> **Assignment**: Extract every line from the records below that contains the word "removed".

> **Records shown**:
-- Opening Marker --

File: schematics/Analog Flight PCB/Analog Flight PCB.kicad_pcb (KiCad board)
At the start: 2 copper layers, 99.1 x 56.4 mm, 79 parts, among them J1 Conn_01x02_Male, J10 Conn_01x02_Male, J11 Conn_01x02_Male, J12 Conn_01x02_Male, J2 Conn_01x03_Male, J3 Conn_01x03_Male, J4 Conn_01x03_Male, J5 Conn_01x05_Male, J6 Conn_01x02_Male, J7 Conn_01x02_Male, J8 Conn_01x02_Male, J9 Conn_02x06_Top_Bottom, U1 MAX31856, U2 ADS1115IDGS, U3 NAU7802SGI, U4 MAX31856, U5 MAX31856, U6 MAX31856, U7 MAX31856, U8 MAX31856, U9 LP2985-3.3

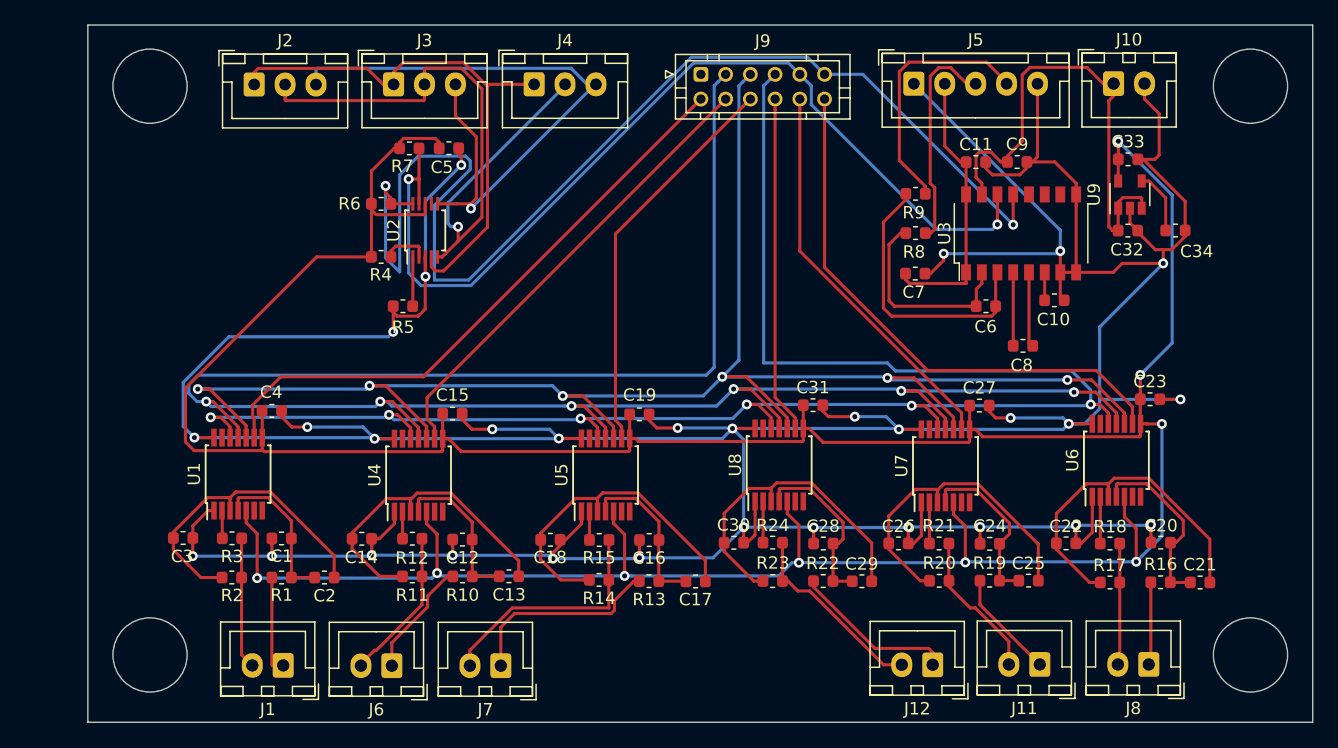
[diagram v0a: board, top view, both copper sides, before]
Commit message: ASPCB: Revision 1.0c
Changed all single row plug connectors to JST-PH instead of JST-XH to
save space. All routes were optimized to place passives closer to ICs
and contacts. Two additional LC reader assemblies were added for test
config. Testpoints have been added on both 3v3 and 5v power supplies for
testing. Power and ground have been moved into primary connector, with
interleaving to preserve signal integrity. First attempt at a ground
plane was implemented. Graphics have been added to silkscreen, and
date/revision info have been added to silkscreen. Parts have been
renumbered for clarity where applicable.
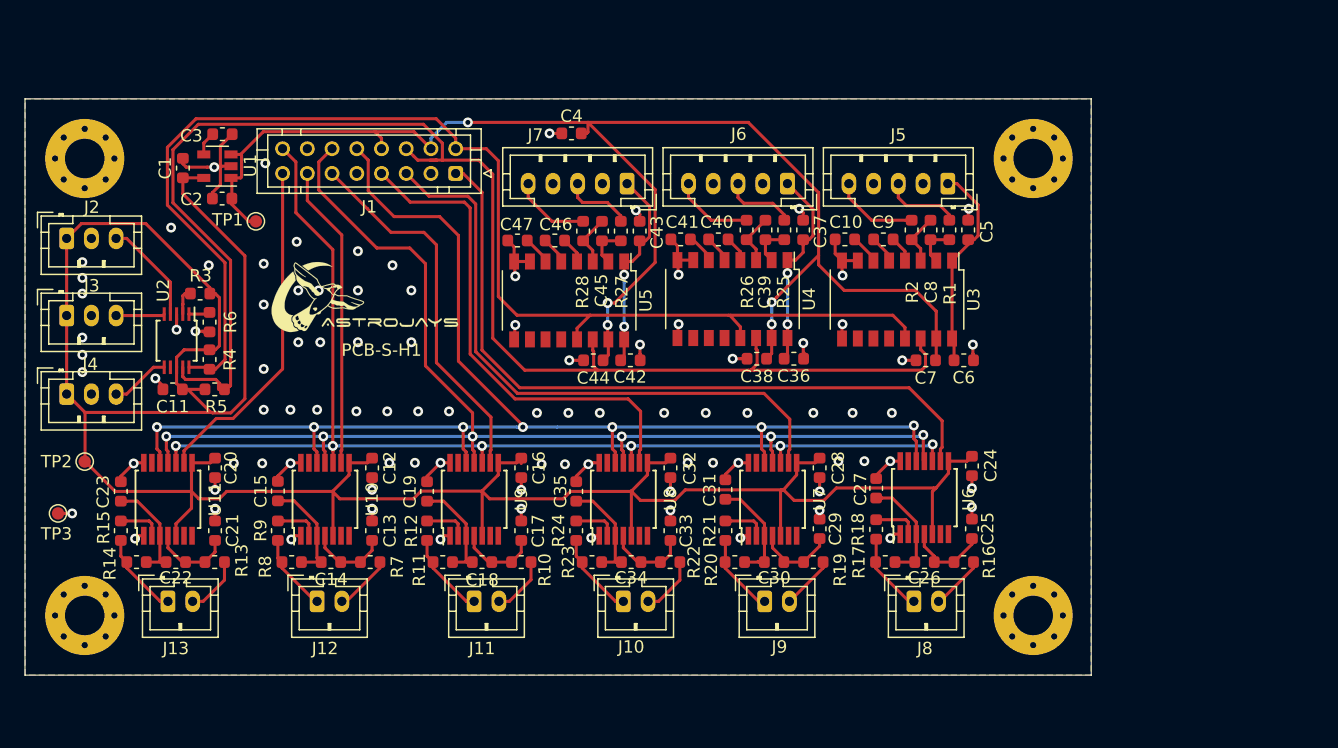
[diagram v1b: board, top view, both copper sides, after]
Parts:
- removed the J10 at (176.4, 71.8)
- removed the J9 at (143.1, 71.0)
- added C36: 0.1u, Capacitor_SMD:C_0603_1608Metric, F.Cu at (150.6, 94.0)
- added C37: 1u, Capacitor_SMD:C_0603_1608Metric, F.Cu at (151.3, 83.6)
- added C38: 1u, Capacitor_SMD:C_0603_1608Metric, F.Cu at (147.6, 94.0)
- added C39: 0.1u, Capacitor_SMD:C_0603_1608Metric, F.Cu at (148.3, 83.6)
- added C4: 10u, Capacitor_SMD:C_0603_1608Metric, F.Cu at (132.6, 75.8)
- added C40: 680p, Capacitor_SMD:C_0603_1608Metric, F.Cu at (144.5, 84.4)
- added C41: 0.1u, Capacitor_SMD:C_0603_1608Metric, F.Cu at (141.4, 84.4)
- added C42: 0.1u, Capacitor_SMD:C_0603_1608Metric, F.Cu at (137.3, 94.2)
- added C43: 1u, Capacitor_SMD:C_0603_1608Metric, F.Cu at (138.1, 83.7)
- added C44: 1u, Capacitor_SMD:C_0603_1608Metric, F.Cu at (134.4, 94.2)
- added C45: 0.1u, Capacitor_SMD:C_0603_1608Metric, F.Cu at (135.1, 83.7)
- added C46: 680p, Capacitor_SMD:C_0603_1608Metric, F.Cu at (131.2, 84.5)
- added C47: 0.1u, Capacitor_SMD:C_0603_1608Metric, F.Cu at (128.2, 84.5)
- added G***: LOGO, AJ_GFX:full_logo_21.3mmx9.3mm, F.Cu at (117.5, 88.8)
- added G***: LOGO, AJ_GFX:small_logo_5.71mmx5.71mm, B.Cu at (152.8, 106.8)
- added J1: Conn_02x08_Odd_Even, Connector_JST:JST_PHD_B16B-PHDSS_2x08_P2.00mm_Vertical, F.Cu at (123.2, 79.1)
- added J6: Conn_01x05_Male, Connector_JST:JST_PH_B5B-PH-K_1x05_P2.00mm_Vertical, F.Cu at (150.1, 79.9)
- added J7: Conn_01x05_Male, Connector_JST:JST_PH_B5B-PH-K_1x05_P2.00mm_Vertical, F.Cu at (137.1, 79.9)
- added M1: MountingHole_3.2mm_M3_Pad_Via, MountingHole:MountingHole_3.2mm_M3_Pad_Via, F.Cu at (93.2, 114.8)
- added M2: MountingHole_3.2mm_M3_Pad_Via, MountingHole:MountingHole_3.2mm_M3_Pad_Via, F.Cu at (93.2, 77.9)
- added M3: MountingHole_3.2mm_M3_Pad_Via, MountingHole:MountingHole_3.2mm_M3_Pad_Via, F.Cu at (169.9, 77.9)
- added M4: MountingHole_3.2mm_M3_Pad_Via, MountingHole:MountingHole_3.2mm_M3_Pad_Via, F.Cu at (169.9, 114.8)
- added R25: 47, Resistor_SMD:R_0603_1608Metric, F.Cu at (149.8, 83.6)
- added R26: 47, Resistor_SMD:R_0603_1608Metric, F.Cu at (146.7, 83.6)
- added R27: 47, Resistor_SMD:R_0603_1608Metric, F.Cu at (136.6, 83.7)
- added R28: 47, Resistor_SMD:R_0603_1608Metric, F.Cu at (133.5, 83.7)
- added TP1: TestPoint, TestPoint:TestPoint_Pad_D1.0mm, F.Cu at (107.1, 82.9)
- added TP2: TestPoint, TestPoint:TestPoint_Pad_D1.0mm, F.Cu at (93.2, 102.4)
- added TP3: TestPoint, TestPoint:TestPoint_Pad_D1.0mm, F.Cu at (91.1, 106.6)
- added U4: NAU7802SGI, Package_SO:SOP-16_4.4x10.4mm_P1.27mm, F.Cu at (145.6, 89.2)
- added U5: NAU7802SGI, Package_SO:SOP-16_4.4x10.4mm_P1.27mm, F.Cu at (132.4, 89.3)
- J10: renamed from J7; footprint Connector_JST:JST_XH_B2B-XH-A_1x02_P2.50mm_Vertical -> Connector_JST:JST_PH_B2B-PH-K_1x02_P2.00mm_Vertical
- J11: renamed from J8; footprint Connector_JST:JST_XH_B2B-XH-A_1x02_P2.50mm_Vertical -> Connector_JST:JST_PH_B2B-PH-K_1x02_P2.00mm_Vertical
- J12: renamed from J11; footprint Connector_JST:JST_XH_B2B-XH-A_1x02_P2.50mm_Vertical -> Connector_JST:JST_PH_B2B-PH-K_1x02_P2.00mm_Vertical
- J13: renamed from J12; footprint Connector_JST:JST_XH_B2B-XH-A_1x02_P2.50mm_Vertical -> Connector_JST:JST_PH_B2B-PH-K_1x02_P2.00mm_Vertical
- J2, J3, J4: footprint Connector_JST:JST_XH_B3B-XH-A_1x03_P2.50mm_Vertical -> Connector_JST:JST_PH_B3B-PH-K_1x03_P2.00mm_Vertical
- J5: footprint Connector_JST:JST_XH_B5B-XH-A_1x05_P2.50mm_Vertical -> Connector_JST:JST_PH_B5B-PH-K_1x05_P2.00mm_Vertical
- J8: renamed from J1; footprint Connector_JST:JST_XH_B2B-XH-A_1x02_P2.50mm_Vertical -> Connector_JST:JST_PH_B2B-PH-K_1x02_P2.00mm_Vertical
- J9: renamed from J6; footprint Connector_JST:JST_XH_B2B-XH-A_1x02_P2.50mm_Vertical -> Connector_JST:JST_PH_B2B-PH-K_1x02_P2.00mm_Vertical
- moved C3 77.5 mm to (104.4, 75.9)
- moved C1 76.4 mm to (101.2, 78.6), turned to 90 degrees
- moved U1 73.8 mm to (103.9, 78.5), turned to 180 degrees
- moved C2 73.3 mm to (104.3, 81.1), turned to 180 degrees
- moved J13 62.1 mm to (99.9, 113.7), turned to 0 degrees
- moved J12 58.7 mm to (112.0, 113.7), turned to 0 degrees
- moved C18 58.1 mm to (125.3, 110.5), turned to 180 degrees
- moved C24 56.8 mm to (165.0, 102.7), turned to 270 degrees
- moved C14 56.4 mm to (113.1, 110.5), turned to 180 degrees
- moved C27 56.2 mm to (157.2, 104.5), turned to 90 degrees
- moved C25 55.8 mm to (165.0, 107.8), turned to 270 degrees
- moved U6 55.5 mm to (161.1, 105.3)
- moved C22 55.5 mm to (100.6, 110.5), turned to 180 degrees
- moved R12 55.2 mm to (120.9, 108.0), turned to 270 degrees
- moved R16 55.2 mm to (164.3, 110.5), turned to 180 degrees
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- renumbered C33 to C1, C5 to C11, C27 to C12, C24 to C13, C25 to C14, C26 to C15, C23 to C16, C20 to C17, C21 to C18, C22 to C19, C32 to C2, C31 to C20, C28 to C21, C29 to C22, C30 to C23, C4 to C24, C1 to C25, C2 to C26, C3 to C27, C15 to C28, C12 to C29, C34 to C3, C13 to C30, C14 to C31, C19 to C32, C16 to C33, C17 to C34, C18 to C35, C7 to C5, C11 to C6, C9 to C7, C6 to C8, C8 to C9, R8 to R1, R16 to R10, R17 to R11, R18 to R12, R22 to R13, R23 to R14, R24 to R15, R1 to R16, R2 to R17, R3 to R18, R10 to R19, R9 to R2, R11 to R20, R12 to R21, R13 to R22, R14 to R23, R15 to R24, R4 to R3, R6 to R4, R7 to R5, R5 to R6, R19 to R7, R20 to R8, R21 to R9, U9 to U1, U7 to U10, U8 to U11, U1 to U6, U4 to U7, U5 to U8, U6 to U9
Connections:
- net /LC/SCL renamed /I2C1_SCL
- net /LC/SDA renamed /I2C1_SDA
- net /tc1/SCK renamed /SPI1_SCK
- net /tc1/SDI renamed /SPI1_SDI
- net /tc1/SDO renamed /SPI1_SDO
- C5 pad 1: Net-(C11-Pad1) -> Net-(C5-Pad1)
- C6 pad 1: Net-(C11-Pad1) -> Net-(C5-Pad1)
- J10 pad 1: Net-(J7-Pad1) -> Net-(J10-Pad1)
- J10 pad 2: Net-(J7-Pad2) -> Net-(J10-Pad2)
- J11 pad 1: Net-(J8-Pad1) -> Net-(J11-Pad1)
- J11 pad 2: Net-(J8-Pad2) -> Net-(J11-Pad2)
- J12 pad 1: Net-(J11-Pad1) -> Net-(J12-Pad1)
- J12 pad 2: Net-(J11-Pad2) -> Net-(J12-Pad2)
- J13 pad 1: Net-(J12-Pad1) -> Net-(J13-Pad1)
- J13 pad 2: Net-(J12-Pad2) -> Net-(J13-Pad2)
- J2 pad 1: Net-(J2-Pad1) -> +3V3
- J2 pad 2: Net-(J2-Pad2) -> GND
- J3 pad 1: Net-(J2-Pad1) -> +3V3
- J3 pad 2: Net-(J2-Pad2) -> GND
- J3 pad 3: Net-(J2-Pad3) -> Net-(J3-Pad3)
- J4 pad 1: Net-(J2-Pad1) -> +3V3
- J4 pad 2: Net-(J2-Pad2) -> GND
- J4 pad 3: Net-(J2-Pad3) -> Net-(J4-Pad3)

-- Closing Marker --

> **Exercise output**:
- removed the J10 at (176.4, 71.8)
- removed the J9 at (143.1, 71.0)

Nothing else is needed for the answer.